Hacker News new | ask | show | jobs
MongoDB: How to Use the JSON Schema Validator (percona.com)
31 points by sedlav 2869 days ago
1 comments

I've never really gotten the appeal of "schemaless" databases. Your data has a schema, whether you're explicit about it or not, but being explicit allows you (and forces you) to reason about it at the right time at the right level of abstraction.
Schemaless is great for quickly bashing a hobby project (or PoC) together. Not so much for larger scale for the reasons you gave.
A big problem is MongoDB isn't schemaless, it is document oriented.

That is a really big schema choice imposed on developers and the root cause of for instance why it took years to be able to create good indexes on inner fields, and they still can't do it efficiently.

The same can be said for simple key value stores.

True schemaless databases are much rarer and provide developers orders of magnitude increases in terms of flexibility, expression and speed.

Unfortunately these kinds of databases are not readily available to a broad audience. It's also the case that for the majority of jobs and developers SQL based stores are still a very good choice unless you need to deal with huge amounts of data from disparate sources without bringing down the system.

Schemaless databases allows you to model your data in a way that is more natural to your domain. The table-relational model used by SQL databases isn't always suitable for all types of data, most notably trees and graphs.

Don't get me wrong, I'd probably pick a traditional RDBMS over MongoDB for most projects, but the object-relational impedance mismatch is a real problem.

True, but all those migration scripts/patches/table locks add complexity and inconvenience (less agile).
> True, but all those migration scripts/patches/table locks add complexity and inconvenience (less agile).

I don't think so. You could say exactly the same thing about maintaining tests for your code. Explicit schemas and constraints (and the effort that goes along with maintaining them) are very much like having tests for your data. They both help ensure that your code actually works when it needs to.

Last time I worked with PostgreSQL, it would lock entire table while adding a new column. Imagine users table, then you have to schedule this kind of altering outside business hours... which impacts devs (they have to stay late and/or come early) and business potentially, it has to wait till next day to have a feature delivered.

All these are trade-offs and everyone decides what is more important for them.

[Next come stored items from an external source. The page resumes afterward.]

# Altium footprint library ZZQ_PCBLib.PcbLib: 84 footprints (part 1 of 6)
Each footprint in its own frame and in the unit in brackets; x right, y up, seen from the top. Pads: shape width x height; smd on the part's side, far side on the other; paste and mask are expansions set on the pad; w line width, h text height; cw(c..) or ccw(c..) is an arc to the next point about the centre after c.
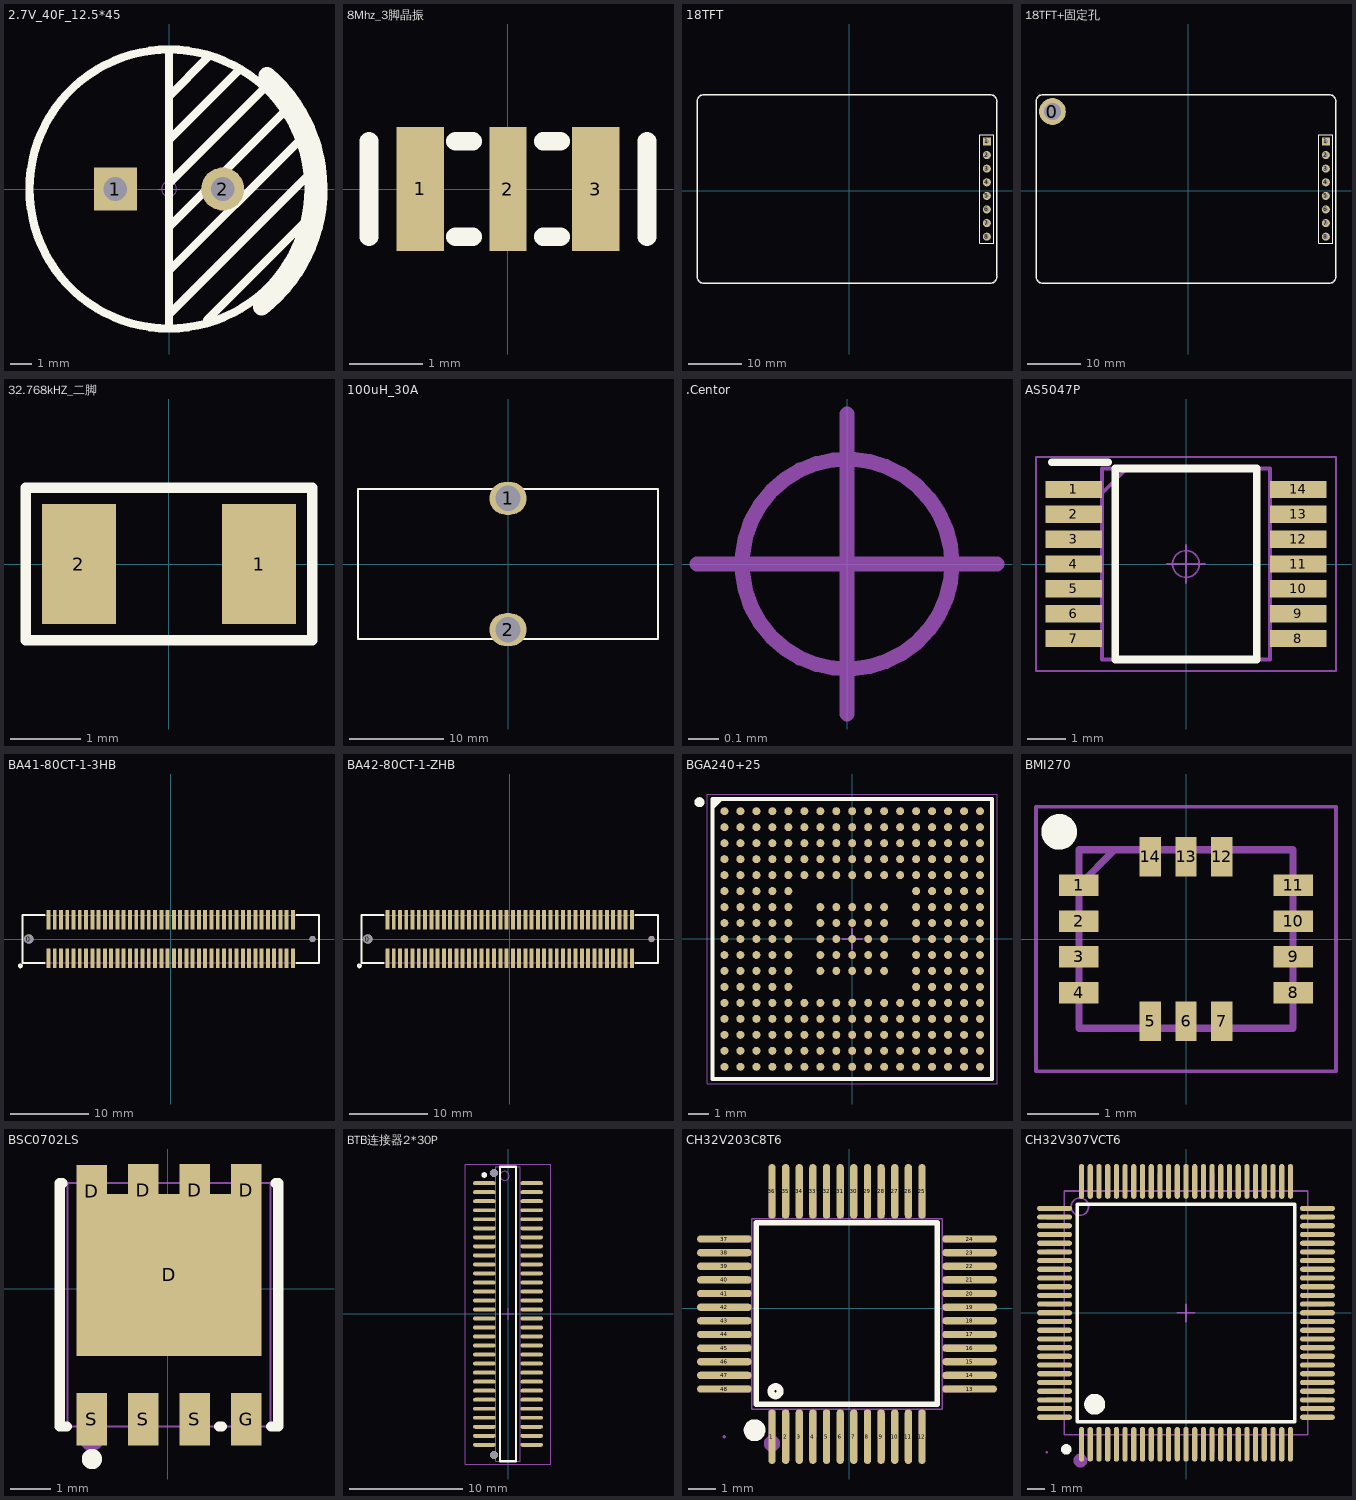
[diagram p0: the footprints below, top view; thin cyan lines are the x and y axes]

## 2.7V_40F_12.5*45 [mm] "超级电容"
pads (2):
  rect 2x2 hole 1.1: 1(-2.5,0)
  round 2 hole 1.1: 2(2.5,0)
Top Overlay:
  circle w0.381: c0,0 r6.5
  lines w0.381: 0,-5.08 0,-3.81 6.096,2.286 ; 0,-2.54 0,-1.778 5.334,3.556 ; 0,0 0,0.254 4.318,4.572 ; 0,1.016 0,2.286 3.302,5.588 ; 0,3.048 0,4.064 ; 0,4.318 1.778,6.096 ; 0,6.35 0,-6.35 0,-5.842 6.35,0.508 ; 1.778,-6.096 6.35,-1.524
  lines w0.8: 4.307,-5.503 ccw(c0,0) 4.568,5.289
Mechanical 15:
  circle w0.05: c0,0 r0.35
  lines w0.05: -0.5,0 0.5,0 ; 0,-0.5 0,0.5
3D body "CE_TH_5x12.5x25-2.STEP": height 2.89, standoff -25.52, extent -6.25,-6.249 6.26,6.249

## 8Mhz_3脚晶振 [mm]
pads (3):
  rect 0.65x1.7 smd: 1(-1.2,0) 3(1.2,0)
  rect 0.5x1.7 smd: 2(0,0)
Top Overlay:
  lines w0.254: -1.9,-0.65 -1.9,0.65 ; -0.718,-0.65 -0.481,-0.65 ; -0.718,0.65 -0.481,0.65 ; 0.481,-0.65 0.718,-0.65 ; 0.481,0.65 0.718,0.65 ; 1.9,-0.65 1.9,0.65
3D body "SMD3213-2.stp": height 0.81, standoff 0, extent -1.597,-0.658 1.598,0.658

## 18TFT [mm]
pads (8):
  rect 1.5x1.5 hole 0.9: 1(25.705,9.246)
  round 1.5 hole 0.9: 2(25.705,6.706) 3(25.705,4.166) 4(25.705,1.626) 5(25.705,-0.914) 6(25.705,-3.454) 7(25.705,-5.994) 8(25.705,-8.534)
Top Overlay:
  lines w0.2: 24.435,-9.804 24.435,10.516 ; 24.435,-9.791 26.975,-9.791 ; 24.435,10.511 26.975,10.511 ; 26.975,-9.804 26.975,10.516
  lines w0.254: -28.397,16.688 cw(c-27.127,16.688) -27.127,17.958 ; -28.397,16.815 -28.397,-15.951 ccw(c-27.127,-15.951) -27.127,-17.221 26.34,-17.221 ccw(c26.34,-15.951) 27.61,-15.951 27.61,16.688 ccw(c26.34,16.688) 26.34,17.958 -27.254,17.958

## 18TFT+固定孔 [mm]
pads (9):
  round 5 hole 3.2: 0(-25.324,14.834)
  rect 1.5x1.5 hole 0.9: 1(25.705,9.246)
  round 1.5 hole 0.9: 2(25.705,6.706) 3(25.705,4.166) 4(25.705,1.626) 5(25.705,-0.914) 6(25.705,-3.454) 7(25.705,-5.994) 8(25.705,-8.534)
Top Overlay:
  lines w0.2: 24.435,-9.804 24.435,10.516 ; 24.435,-9.791 26.975,-9.791 ; 24.435,10.511 26.975,10.511 ; 26.975,-9.804 26.975,10.516
  lines w0.254: -28.397,16.688 cw(c-27.127,16.688) -27.127,17.958 ; -28.397,16.815 -28.397,-15.951 ccw(c-27.127,-15.951) -27.127,-17.221 26.34,-17.221 ccw(c26.34,-15.951) 27.61,-15.951 27.61,16.688 ccw(c26.34,16.688) 26.34,17.958 -27.254,17.958

## 32.768kHZ_二脚 [mm]
height 1.1
pads (2):
  rect 1.05x1.7 smd: 1(1.275,0) 2(-1.275,0)
Top Overlay:
  lines w0.152: -2.029,-1.079 -2.029,1.079 2.029,1.079 2.029,-1.079 -2.029,-1.079

## 100uH_30A [mm] "大电流磁环电感"
pads (2):
  oval 4x3.5 hole 2.7: 1(0,7) 2(0,-7)
Top Overlay:
  lines w0.254: -16,-8 -16,8 16,8 16,-8 -16,-8
3D body: height 32, standoff 0, extent -16.002,-8.001 16.002,8.001

## .Centor [mm]
Mechanical 15:
  circle w0.05: c0,0 r0.35
  lines w0.05: -0.5,0 0.5,0 ; 0,-0.5 0,0.5

## AS5047P [mm]
pads (14):
  rect 1.475x0.45 smd: 1(-2.938,1.95) 2(-2.938,1.3) 3(-2.938,0.65) 4(-2.938,0) 5(-2.938,-0.65) 6(-2.938,-1.3) 7(-2.938,-1.95) 8(2.938,-1.95) 9(2.938,-1.3) 10(2.938,-0.65) 11(2.938,0) 12(2.938,0.65) 13(2.938,1.3) 14(2.938,1.95)
Top Overlay:
  lines w0.2: -3.507,2.667 -2.032,2.667 ; -1.85,-2.5 1.85,-2.5 1.85,2.5 -1.85,2.5 -1.85,-2.5
Mechanical 13:
  lines w0.1: -2.2,1.85 -1.55,2.5 ; -2.2,-2.5 2.2,-2.5 2.2,2.5 -2.2,2.5 -2.2,-2.5
Mechanical 15:
  circle w0.05: c0,0 r0.35
  lines w0.05: -0.5,0 0.5,0 ; 0,-0.5 0,0.5 ; -3.925,-2.8 3.925,-2.8 3.925,2.8 -3.925,2.8 -3.925,-2.8
3D body "AS5047P-ATSM.stp": height 1.2, standoff 0, extent -3.2,-2.5 3.2,2.5

## BA41-80CT-1-3HB [mm]
pads (82):
  round 1.2 hole 1.2: 0(-18.1,0)
  round 0.8 hole 0.8: 0(18.1,0)
  rect 0.5x2.5 smd: 1(-15.6,-2.45) 2(-15.6,2.45) 3(-14.8,-2.45) 4(-14.8,2.45) 5(-14,-2.45) 6(-14,2.45) 7(-13.2,-2.45) 8(-13.2,2.45) 9(-12.4,-2.45) 10(-12.4,2.45) 11(-11.6,-2.45) 12(-11.6,2.45) 13(-10.8,-2.45) 14(-10.8,2.45) 15(-10,-2.45) 16(-10,2.45) 17(-9.2,-2.45) 18(-9.2,2.45) 19(-8.4,-2.45) 20(-8.4,2.45) 21(-7.6,-2.45) 22(-7.6,2.45) 23(-6.8,-2.45) 24(-6.8,2.45) 25(-6,-2.45) 26(-6,2.45) 27(-5.2,-2.45) 28(-5.2,2.45) 29(-4.4,-2.45) 30(-4.4,2.45) 31(-3.6,-2.45) 32(-3.6,2.45) 33(-2.8,-2.45) 34(-2.8,2.45) 35(-2,-2.45) 36(-2,2.45) 37(-1.2,-2.45) 38(-1.2,2.45) 39(-0.4,-2.45) 40(-0.4,2.45) 41(0.4,-2.45) 42(0.4,2.45) 43(1.2,-2.45) 44(1.2,2.45) 45(2,-2.45) 46(2,2.45) 47(2.8,-2.45) 48(2.8,2.45) 49(3.6,-2.45) 50(3.6,2.45) 51(4.4,-2.45) 52(4.4,2.45) 53(5.2,-2.45) 54(5.2,2.45) 55(6,-2.45) 56(6,2.45) 57(6.8,-2.45) 58(6.8,2.45) 59(7.6,-2.45) 60(7.6,2.45) 61(8.4,-2.45) 62(8.4,2.45) 63(9.2,-2.45) 64(9.2,2.45) 65(10,-2.45) 66(10,2.45) 67(10.8,-2.45) 68(10.8,2.45) 69(11.6,-2.45) 70(11.6,2.45) 71(12.4,-2.45) 72(12.4,2.45) 73(13.2,-2.45) 74(13.2,2.45) 75(14,-2.45) 76(14,2.45) 77(14.8,-2.45) 78(14.8,2.45) 79(15.6,-2.45) 80(15.6,2.45)
Top Overlay:
  circle w0.254: c-19.177,-3.429 r0.18
  lines w0.254: -16.081,-3.048 -18.923,-3.048 -18.923,3.048 -16.081,3.048 ; 16.081,-3.048 18.923,-3.048 18.923,3.048 16.081,3.048
Mechanical 15:
  drawing of 85 lines, arcs and shapes, not listed
3D body "BA41.step": height 5.6, standoff -0.6, extent -18.9,-3 18.901,3

## BA42-80CT-1-ZHB [mm]
pads (82):
  round 1.2 hole 1.2: 0(-18.1,0)
  round 0.8 hole 0.8: 0(18.1,0)
  rect 0.5x2.5 smd: 1(-15.6,-2.45) 2(-15.6,2.45) 3(-14.8,-2.45) 4(-14.8,2.45) 5(-14,-2.45) 6(-14,2.45) 7(-13.2,-2.45) 8(-13.2,2.45) 9(-12.4,-2.45) 10(-12.4,2.45) 11(-11.6,-2.45) 12(-11.6,2.45) 13(-10.8,-2.45) 14(-10.8,2.45) 15(-10,-2.45) 16(-10,2.45) 17(-9.2,-2.45) 18(-9.2,2.45) 19(-8.4,-2.45) 20(-8.4,2.45) 21(-7.6,-2.45) 22(-7.6,2.45) 23(-6.8,-2.45) 24(-6.8,2.45) 25(-6,-2.45) 26(-6,2.45) 27(-5.2,-2.45) 28(-5.2,2.45) 29(-4.4,-2.45) 30(-4.4,2.45) 31(-3.6,-2.45) 32(-3.6,2.45) 33(-2.8,-2.45) 34(-2.8,2.45) 35(-2,-2.45) 36(-2,2.45) 37(-1.2,-2.45) 38(-1.2,2.45) 39(-0.4,-2.45) 40(-0.4,2.45) 41(0.4,-2.45) 42(0.4,2.45) 43(1.2,-2.45) 44(1.2,2.45) 45(2,-2.45) 46(2,2.45) 47(2.8,-2.45) 48(2.8,2.45) 49(3.6,-2.45) 50(3.6,2.45) 51(4.4,-2.45) 52(4.4,2.45) 53(5.2,-2.45) 54(5.2,2.45) 55(6,-2.45) 56(6,2.45) 57(6.8,-2.45) 58(6.8,2.45) 59(7.6,-2.45) 60(7.6,2.45) 61(8.4,-2.45) 62(8.4,2.45) 63(9.2,-2.45) 64(9.2,2.45) 65(10,-2.45) 66(10,2.45) 67(10.8,-2.45) 68(10.8,2.45) 69(11.6,-2.45) 70(11.6,2.45) 71(12.4,-2.45) 72(12.4,2.45) 73(13.2,-2.45) 74(13.2,2.45) 75(14,-2.45) 76(14,2.45) 77(14.8,-2.45) 78(14.8,2.45) 79(15.6,-2.45) 80(15.6,2.45)
Top Overlay:
  circle w0.254: c-19.177,-3.429 r0.18
  lines w0.254: -16.081,-3.048 -18.923,-3.048 -18.923,3.048 -16.081,3.048 ; 16.081,-3.048 18.923,-3.048 18.923,3.048 16.081,3.048
Mechanical 15:
  drawing of 85 lines, arcs and shapes, not listed
3D body "BA42.step": height 3.75, standoff -0.6, extent -18.9,-3.4 18.901,3.4

## BGA240+25 [mm]
pads (265):
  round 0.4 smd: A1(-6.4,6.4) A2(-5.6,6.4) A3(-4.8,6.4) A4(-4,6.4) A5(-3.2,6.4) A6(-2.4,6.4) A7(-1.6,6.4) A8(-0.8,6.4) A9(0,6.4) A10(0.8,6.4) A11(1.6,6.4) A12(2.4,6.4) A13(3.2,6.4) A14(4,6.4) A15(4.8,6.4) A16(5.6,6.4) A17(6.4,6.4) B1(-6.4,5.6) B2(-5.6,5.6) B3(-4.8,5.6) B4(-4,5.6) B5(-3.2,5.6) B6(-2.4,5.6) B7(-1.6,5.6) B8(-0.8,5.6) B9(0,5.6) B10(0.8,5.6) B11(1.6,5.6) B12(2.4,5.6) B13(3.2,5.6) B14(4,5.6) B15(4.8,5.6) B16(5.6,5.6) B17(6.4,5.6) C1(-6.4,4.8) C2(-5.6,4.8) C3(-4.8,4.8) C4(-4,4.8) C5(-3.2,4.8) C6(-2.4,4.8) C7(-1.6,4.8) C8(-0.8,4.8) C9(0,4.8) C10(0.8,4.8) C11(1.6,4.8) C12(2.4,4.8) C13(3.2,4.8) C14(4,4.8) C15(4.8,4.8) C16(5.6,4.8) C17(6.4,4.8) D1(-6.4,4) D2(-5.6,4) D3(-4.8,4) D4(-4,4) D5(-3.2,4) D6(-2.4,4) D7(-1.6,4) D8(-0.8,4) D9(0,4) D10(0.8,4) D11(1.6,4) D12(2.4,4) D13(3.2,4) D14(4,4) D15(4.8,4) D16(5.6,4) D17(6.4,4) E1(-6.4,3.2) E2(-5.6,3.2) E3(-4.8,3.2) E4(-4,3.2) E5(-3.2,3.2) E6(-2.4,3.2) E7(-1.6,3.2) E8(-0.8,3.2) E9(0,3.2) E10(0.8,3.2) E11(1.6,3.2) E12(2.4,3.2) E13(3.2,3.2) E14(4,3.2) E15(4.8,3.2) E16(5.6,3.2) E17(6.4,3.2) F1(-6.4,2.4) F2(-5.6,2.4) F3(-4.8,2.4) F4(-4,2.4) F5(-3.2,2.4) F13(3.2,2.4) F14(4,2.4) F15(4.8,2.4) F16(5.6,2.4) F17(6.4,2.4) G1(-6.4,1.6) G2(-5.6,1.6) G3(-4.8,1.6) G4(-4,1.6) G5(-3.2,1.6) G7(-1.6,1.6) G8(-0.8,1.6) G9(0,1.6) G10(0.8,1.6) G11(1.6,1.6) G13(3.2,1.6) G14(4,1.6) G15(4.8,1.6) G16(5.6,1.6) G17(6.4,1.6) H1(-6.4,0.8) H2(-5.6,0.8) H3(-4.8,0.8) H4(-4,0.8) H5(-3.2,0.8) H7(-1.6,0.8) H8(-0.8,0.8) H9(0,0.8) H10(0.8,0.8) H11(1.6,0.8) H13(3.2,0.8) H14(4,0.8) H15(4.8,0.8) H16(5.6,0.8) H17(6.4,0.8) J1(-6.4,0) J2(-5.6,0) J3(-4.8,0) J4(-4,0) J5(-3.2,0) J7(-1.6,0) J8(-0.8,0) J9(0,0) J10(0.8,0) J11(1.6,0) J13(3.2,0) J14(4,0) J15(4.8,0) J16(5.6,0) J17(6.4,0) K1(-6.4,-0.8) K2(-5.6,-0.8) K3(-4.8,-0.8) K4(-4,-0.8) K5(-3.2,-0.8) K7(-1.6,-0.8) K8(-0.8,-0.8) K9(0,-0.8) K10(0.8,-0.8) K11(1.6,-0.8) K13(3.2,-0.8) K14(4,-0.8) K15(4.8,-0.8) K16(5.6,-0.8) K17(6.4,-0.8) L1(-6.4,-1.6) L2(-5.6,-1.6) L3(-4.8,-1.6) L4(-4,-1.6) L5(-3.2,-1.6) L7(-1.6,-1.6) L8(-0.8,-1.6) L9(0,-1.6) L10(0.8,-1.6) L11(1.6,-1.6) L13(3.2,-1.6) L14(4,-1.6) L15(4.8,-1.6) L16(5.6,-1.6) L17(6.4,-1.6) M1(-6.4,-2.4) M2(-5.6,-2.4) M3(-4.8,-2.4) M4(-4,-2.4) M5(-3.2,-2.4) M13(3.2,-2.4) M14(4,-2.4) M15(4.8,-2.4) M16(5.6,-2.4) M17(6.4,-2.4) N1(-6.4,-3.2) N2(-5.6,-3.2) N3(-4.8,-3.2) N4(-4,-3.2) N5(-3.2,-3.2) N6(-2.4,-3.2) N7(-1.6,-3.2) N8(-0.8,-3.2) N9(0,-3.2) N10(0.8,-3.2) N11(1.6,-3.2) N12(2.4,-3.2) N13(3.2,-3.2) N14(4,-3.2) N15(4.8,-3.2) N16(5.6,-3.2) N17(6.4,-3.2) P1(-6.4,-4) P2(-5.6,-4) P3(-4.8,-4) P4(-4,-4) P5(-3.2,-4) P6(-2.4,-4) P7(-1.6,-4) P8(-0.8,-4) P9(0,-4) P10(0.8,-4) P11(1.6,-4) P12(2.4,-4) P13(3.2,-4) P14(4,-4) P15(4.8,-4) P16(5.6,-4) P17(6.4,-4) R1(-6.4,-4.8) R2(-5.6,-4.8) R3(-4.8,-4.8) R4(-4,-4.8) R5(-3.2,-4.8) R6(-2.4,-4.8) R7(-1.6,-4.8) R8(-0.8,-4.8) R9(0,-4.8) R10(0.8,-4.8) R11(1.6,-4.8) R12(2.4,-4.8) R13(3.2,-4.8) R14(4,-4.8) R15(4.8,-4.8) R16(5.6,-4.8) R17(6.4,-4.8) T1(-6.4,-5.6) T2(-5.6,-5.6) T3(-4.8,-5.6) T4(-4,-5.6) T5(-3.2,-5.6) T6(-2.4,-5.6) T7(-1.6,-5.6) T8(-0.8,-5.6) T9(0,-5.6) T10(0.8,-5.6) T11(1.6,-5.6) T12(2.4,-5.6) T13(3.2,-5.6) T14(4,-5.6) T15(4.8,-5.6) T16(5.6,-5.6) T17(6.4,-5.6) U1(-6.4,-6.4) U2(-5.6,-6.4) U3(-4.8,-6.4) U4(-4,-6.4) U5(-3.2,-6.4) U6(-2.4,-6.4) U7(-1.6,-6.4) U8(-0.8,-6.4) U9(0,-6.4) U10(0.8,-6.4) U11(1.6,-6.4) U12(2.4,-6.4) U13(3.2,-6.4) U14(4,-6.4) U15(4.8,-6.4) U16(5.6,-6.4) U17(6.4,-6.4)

> it would lock entire table while adding a new column

It does so for the entire << 1ms it takes to add the necessary metadata.

If that's the case, then one less problem to deal with, however I remember it was a matter of several minutes.
you should interpret "schemaless" as "free/non-fixed schema".

> Your data has a schema, whether you're explicit about it or not,

Partially true, but not accurate. Often the items in a data set have similar schemas, but not exact the same one.

good luck writing code for that kind of dataset then.

Data has schema by definition otherwise you wouldn't be able to reason about it.

Certainly, but that doesn't mean the schema has to be a strict validation encoded into your storage format. It's a perfectly well-defined programming model to say "well, I'm reading query X with schema Y, and if some rows don't match Y give me nulls instead".
"well, I'm reading query X with schema Y, and if some rows don't match Y give me nulls instead"

Seems like a recipe for disaster to me, but well... A database isn't a "storage format". It's most often the single source of truth for a set of information.

Not being fully sure what data you expect from that source of truth and yet being able to query it is really dangerous. What if you start to update this data after having nullified things you didn't understand ?

Schemaless databases are good for scenarios where the database isn't a source of truth. If you have a table full of e.g. per-second heartbeats from a bunch of deployed services, there's no fundamental underlying truth anyone's trying to gather from it, and you can't afford to run a full schema migration every time someone adds a new metric.

I recognize some people do try to use schemaless databases in the way you're describing, and I agree that's weird and dangerous.